• [Material supplied]:
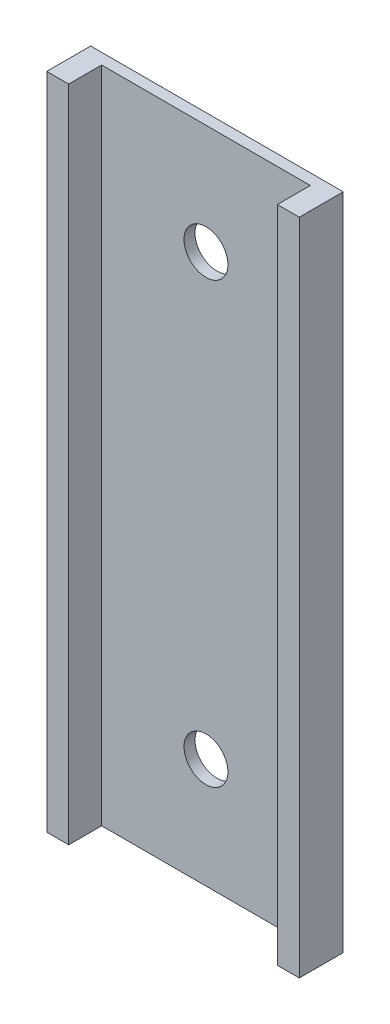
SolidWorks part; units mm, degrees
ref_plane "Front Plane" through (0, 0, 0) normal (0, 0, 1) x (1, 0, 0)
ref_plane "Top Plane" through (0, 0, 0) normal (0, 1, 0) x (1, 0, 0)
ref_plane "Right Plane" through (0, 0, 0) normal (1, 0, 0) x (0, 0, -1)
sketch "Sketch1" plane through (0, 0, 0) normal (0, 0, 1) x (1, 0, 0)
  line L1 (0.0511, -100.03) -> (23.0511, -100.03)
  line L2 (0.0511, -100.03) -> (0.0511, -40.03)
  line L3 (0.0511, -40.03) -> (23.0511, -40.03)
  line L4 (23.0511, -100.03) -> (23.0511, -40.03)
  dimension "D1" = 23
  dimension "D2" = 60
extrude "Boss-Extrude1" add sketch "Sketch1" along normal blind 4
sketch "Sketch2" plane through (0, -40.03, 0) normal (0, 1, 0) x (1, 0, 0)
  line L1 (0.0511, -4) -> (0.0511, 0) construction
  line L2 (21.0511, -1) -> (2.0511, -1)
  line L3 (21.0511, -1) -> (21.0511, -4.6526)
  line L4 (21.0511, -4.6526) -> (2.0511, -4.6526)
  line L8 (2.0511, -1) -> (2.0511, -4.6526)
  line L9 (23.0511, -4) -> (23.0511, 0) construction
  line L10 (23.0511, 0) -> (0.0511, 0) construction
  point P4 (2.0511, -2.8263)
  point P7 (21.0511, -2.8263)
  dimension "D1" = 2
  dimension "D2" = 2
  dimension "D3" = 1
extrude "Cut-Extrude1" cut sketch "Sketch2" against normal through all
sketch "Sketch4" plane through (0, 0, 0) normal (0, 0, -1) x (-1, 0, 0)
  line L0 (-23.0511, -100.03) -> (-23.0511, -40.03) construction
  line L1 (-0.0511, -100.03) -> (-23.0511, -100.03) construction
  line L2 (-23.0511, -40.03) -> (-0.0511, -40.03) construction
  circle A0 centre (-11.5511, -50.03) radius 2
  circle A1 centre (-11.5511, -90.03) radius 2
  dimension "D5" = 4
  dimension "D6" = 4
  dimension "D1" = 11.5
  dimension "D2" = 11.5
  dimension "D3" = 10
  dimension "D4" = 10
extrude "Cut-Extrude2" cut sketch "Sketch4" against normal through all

• [Try it]: From the listing above, copy out each line where the word "against" appears.

• [Answer for the task]:
extrude "Cut-Extrude1" cut sketch "Sketch2" against normal through all
extrude "Cut-Extrude2" cut sketch "Sketch4" against normal through all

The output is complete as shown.